What the heck.... wrote such a fantastic thing about my lethargy and my fag which accompanies me during the journey from home to office.... whenever i get up late in the morning and i m late for office, but nothing got published. May be Mr Blogspot doesnt find my emotions qualified enough to be read by even ME.

But no problem, i will be back soon.... just wanted to write that i started the day late and now thinking of excuses as to how should i give just one story and not two, as promised to my boss yesterday!!!
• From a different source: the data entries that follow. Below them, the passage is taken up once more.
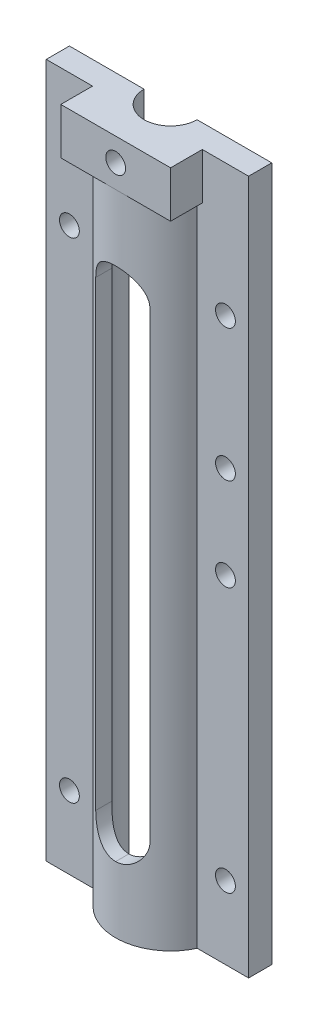
SolidWorks part; units mm, degrees
ref_plane "Front Plane" through (0, 0, 0) normal (0, 0, 1) x (1, 0, 0)
ref_plane "Top Plane" through (0, 0, 0) normal (0, 1, 0) x (1, 0, 0)
ref_plane "Right Plane" through (0, 0, 0) normal (1, 0, 0) x (0, 0, -1)
sketch "Sketch1" plane through (0, 0, 0) normal (0, 1, 0) x (1, 0, 0)
  circle A0 centre (0, 0) radius 6.3
  circle A1 centre (0, 0) radius 8.3
  dimension "D1" = 12.6
  dimension "D2" = 16.6
extrude "Boss-Extrude1" add sketch "Sketch1" along normal blind 95
sketch "Sketch3" plane through (0, 95, 0) normal (0, 1, 0) x (1, 0, 0)
  circle A1 centre (0, 0) radius 8.3
extrude "Boss-Extrude2" add sketch "Sketch3" along normal blind 3
sketch "Sketch4" plane through (0, 95, 0) normal (0, -1, 0) x (-1, 0, 0)
  circle A0 centre (0, 0) radius 1.5
  circle A1 centre (0, 0) radius 6.3
  dimension "D1" = 3
  dimension "D2" = 12.6
sketch "Sketch5" plane through (0, 98, 0) normal (0, 1, 0) x (1, 0, 0)
  line L1 (-8.3, 8.3) -> (8.3, 8.3)
  line L2 (-8.3, 8.3) -> (-8.3, -8.3)
  line L3 (-8.3, -8.3) -> (8.3, -8.3)
  line L4 (8.3, 8.3) -> (8.3, -8.3)
  line L5 (-8.3, 8.3) -> (8.3, -8.3) construction
  line L6 (-8.3, -8.3) -> (8.3, 8.3) construction
  point P0 (0, 0)
extrude "Boss-Extrude4" add sketch "Sketch5" along normal blind 7
sketch "Sketch6" plane through (0, 0, 8.3) normal (0, 0, 1) x (1, 0, 0)
  line L0 (0, 98) -> (0, 88)
  line L2 (0, 10) -> (-4.1, 10)
  line L3 (-4.1, 10) -> (-4.1, 88)
  line L4 (-4.1, 88) -> (4.1, 88)
  line L5 (4.1, 88) -> (4.1, 10)
  line L6 (4.1, 10) -> (0, 10)
  dimension "D1" = 10
  dimension "D2" = 78
  dimension "D3" = 4.1
  dimension "D4" = 8.2
extrude "Cut-Extrude1" cut sketch "Sketch6" against normal through all contours L6 L5 L4 L3 L2 region at (0, 49, 8.3)
fillet "Fillet1" radius 4.1 8 edges at (4.1, 88, -6) (4.1, 88, 6) (-4.1, 88, 6) (-4.1, 88, -6) (4.1, 10, -6) (4.1, 10, 6) (-4.1, 10, -6) (-4.1, 10, 6)
extrude "Cut-Extrude3" cut sketch "Sketch4" against normal blind 3
sketch "Sketch8" plane through (0, 95, 0) normal (0, -1, 0) x (-1, 0, 0)
  circle A0 centre (0, 0) radius 1.5
  dimension "D1" = 3
extrude "Boss-Extrude6" add sketch "Sketch8" along normal blind 2
sketch "Sketch9" plane through (-8.3, 0, 0) normal (-1, 0, 0) x (0, 0, 1)
  line L2 (0, 0) -> (3.5, 0)
  line L3 (3.5, 0) -> (3.5, 105)
  line L4 (3.5, 105) -> (-3.5, 105)
  line L5 (-3.5, 105) -> (-3.5, 0)
  line L6 (-3.5, 0) -> (0, 0)
  dimension "D1" = 3.5
  dimension "D2" = 7
extrude "Boss-Extrude7" add sketch "Sketch9" against normal up to next (2 mm away) and the other way blind 7
mirror "Mirror1" about plane through (0, 0, 0) normal (1, 0, 0) of "Boss-Extrude7"
hole_wizard "Ø3.0 (3) Diameter Hole1" positions "Sketch11" profile "Sketch12" hole size "Ø3.0" standard "ISO" end condition up to next
sketch "Sketch11" plane through (0, 0, 8.3) normal (0, 0, 1) x (1, 0, 0)
  point P0 (0, 101.5)
sketch "Sketch12" plane through (0, 101.5, 8.3) normal (1, 0, 0) x (0, -1, 0)
  line L0 (0, 0) -> (0, 16.6)
  line L1 (0, 16.6) -> (1.5, 16.6)
  line L2 (1.5, 16.6) -> (1.5, 0)
  line L5 (1.5, 0) -> (0, 0)
  line L11 (0, -6.35) -> (0, 107.95) construction
  dimension "Thru Hole Dia." = 3
  dimension "Thru Hole Depth" = 16.6
hole_wizard "Ø3.0 (3) Diameter Hole2" positions "Sketch13" profile "Sketch14" hole size "Ø3.0" standard "ISO" end condition through all
sketch "Sketch13" plane through (0, 0, 3.5) normal (0, 0, 1) x (1, 0, 0)
  line L0 (15.3, 105) -> (8.3, 105) construction
  point P0 (11.8, 85)
  point P4 (11.8, 11)
  point P11 (11.8, 105)
  dimension "D1" = 20
  dimension "D2" = 74
sketch "Sketch14" plane through (11.8, 85, 3.5) normal (1, 0, 0) x (0, -1, 0)
  line L0 (0, 0) -> (0, 11.8)
  line L1 (0, 11.8) -> (1.5, 11.8)
  line L2 (1.5, 11.8) -> (1.5, 0)
  line L5 (1.5, 0) -> (0, 0)
  line L11 (0, -6.35) -> (0, 107.95) construction
  dimension "Thru Hole Dia." = 3
  dimension "Thru Hole Depth" = 11.8
hole_wizard "Ø3.0 (3) Diameter Hole3" positions "Sketch15" profile "Sketch16" hole size "Ø3.0" standard "ISO" end condition through all
sketch "Sketch15" plane through (0, 0, -3.5) normal (0, 0, -1) x (-1, 0, 0)
  line L0 (-15.3, 105) -> (-8.3, 105) construction
  point P0 (-11.8, 65)
  point P5 (-11.8, 105)
  point P6 (-11.8, 51)
  dimension "D1" = 40
  dimension "D2" = 14
sketch "Sketch16" plane through (11.8, 65, -3.5) normal (1, 0, 0) x (0, 1, 0)
  line L0 (0, 0) -> (0, 11.8)
  line L1 (0, 11.8) -> (1.5, 11.8)
  line L2 (1.5, 11.8) -> (1.5, 0)
  line L5 (1.5, 0) -> (0, 0)
  line L11 (0, -6.35) -> (0, 107.95) construction
  dimension "Thru Hole Dia." = 3
  dimension "Thru Hole Depth" = 11.8
mirror "Mirror2" about plane through (0, 0, 0) normal (1, 0, 0) of "Ø3.0 (3) Diameter Hole2"
sketch "Sketch17" plane through (0, 0, 0) normal (0, -1, 0) x (-1, 0, 0)
  line L0 (15.3, 0) -> (4, 0)
  line L1 (15.3, 3.5) -> (15.3, -3.5) construction
  line L2 (-15.3, 0) -> (-4, 0)
  line L3 (-15.3, 3.5) -> (-15.3, -3.5) construction
  line L4 (15.3, 0) -> (15.3, -8.3)
  line L5 (15.3, -8.3) -> (-15.3, -8.3)
  line L6 (-15.3, -8.3) -> (-15.3, 8.3)
  line L7 (-15.3, 8.3) -> (15.3, 8.3)
  line L8 (15.3, 8.3) -> (15.3, 0)
  arc A0 (4, 0) -> (-4, 0) centre (0, 0) cw
  line M8 (15.3, -3.5) -> (15.3, 3.5)
  line M9 (15.3, 3.5) -> (7.526, 3.5)
  arc M10 (7.526, 3.5) -> (-7.526, 3.5) centre (0, 0) ccw
  line M11 (-7.526, 3.5) -> (-15.3, 3.5)
  line M12 (-15.3, 3.5) -> (-15.3, -3.5)
  circle M14 centre (0, 0) radius 6.3
  dimension "D1" = 4
  dimension "D2" = 4
extrude "Cut-Extrude4" cut sketch "Sketch17" against normal through all contours A0 L0 L2 M14 | L2 L0 M12 M14 M8 M9 M10 M11 | L8 L7 M10 M9 | L7 L6 M11 M10 region at (-10.8, 0, -0.3171) region at (0, 0, -1.4179) region at (-10.2031, 0, -6.1309) region at (10.2031, 0, -6.1309)

This is ridiculous... in spite of being an enginner turned reporter turned non worker, i still dnt know how to write a and save a blog. But i will be back with a bang.... (by the way... 'bang' in bengali means frog. So i will be back with a frog!!.... very soon)

Thursday, July 10, 2008

And guys.... please paste some comments, even if that means publicising my level of random jokes on a 1 to 40 scale...
This will give me motivation to write further whenver i come to office everyday. Now a new realisation is dawning on me..... if i dnt give a story and keep on posting comments on people's blog or even in my blog.. i can actually pretend as if i am sincerely working during office hours... ha ha ha .... this is my first publicly announced Weaseldom (those who dnt understand weaseldom... no need to, just jump the bracket and read whats written after it as that is more important. And if u r really hell bent on knowing then read Scott Adams. N in case u dnt know who is Scott Adams... then go and commit suicide!!) n m proud of it.
Hey, m back to my blog... thaks to Tanvi, Pooja and Green Goblin...err... Nirmal (Chotu). These guys helped me discover that i had also created a blog some time back and then forgot bout it as i was least interested in blogging. Besides, while i write this, i still feel its a waste of time... but that again is a matter of time coz i used to think the same about Orkut as well.
So what should i write... hmmm..... its raining outside, and not raining inside, there is dark outside and light inside, i gave no stories today and kept on thinking about only one thing.....
Btw, i think i should get philosophical, romantic, crazy or just be normal.... gosh! i dnt even knw what am i writing. Just putting in stuff thats coming to my mind. If writing mindless and crazy stuff is what blogging is.... then i guess i can become a big blogger. But it will be like deceiving the name of my blog... MEANINGFUL.
So, like others i will write anything good or bad, humour or horror, thriller or filler - whatever i feel like. Only if next tme i remeber that i have a blogging id.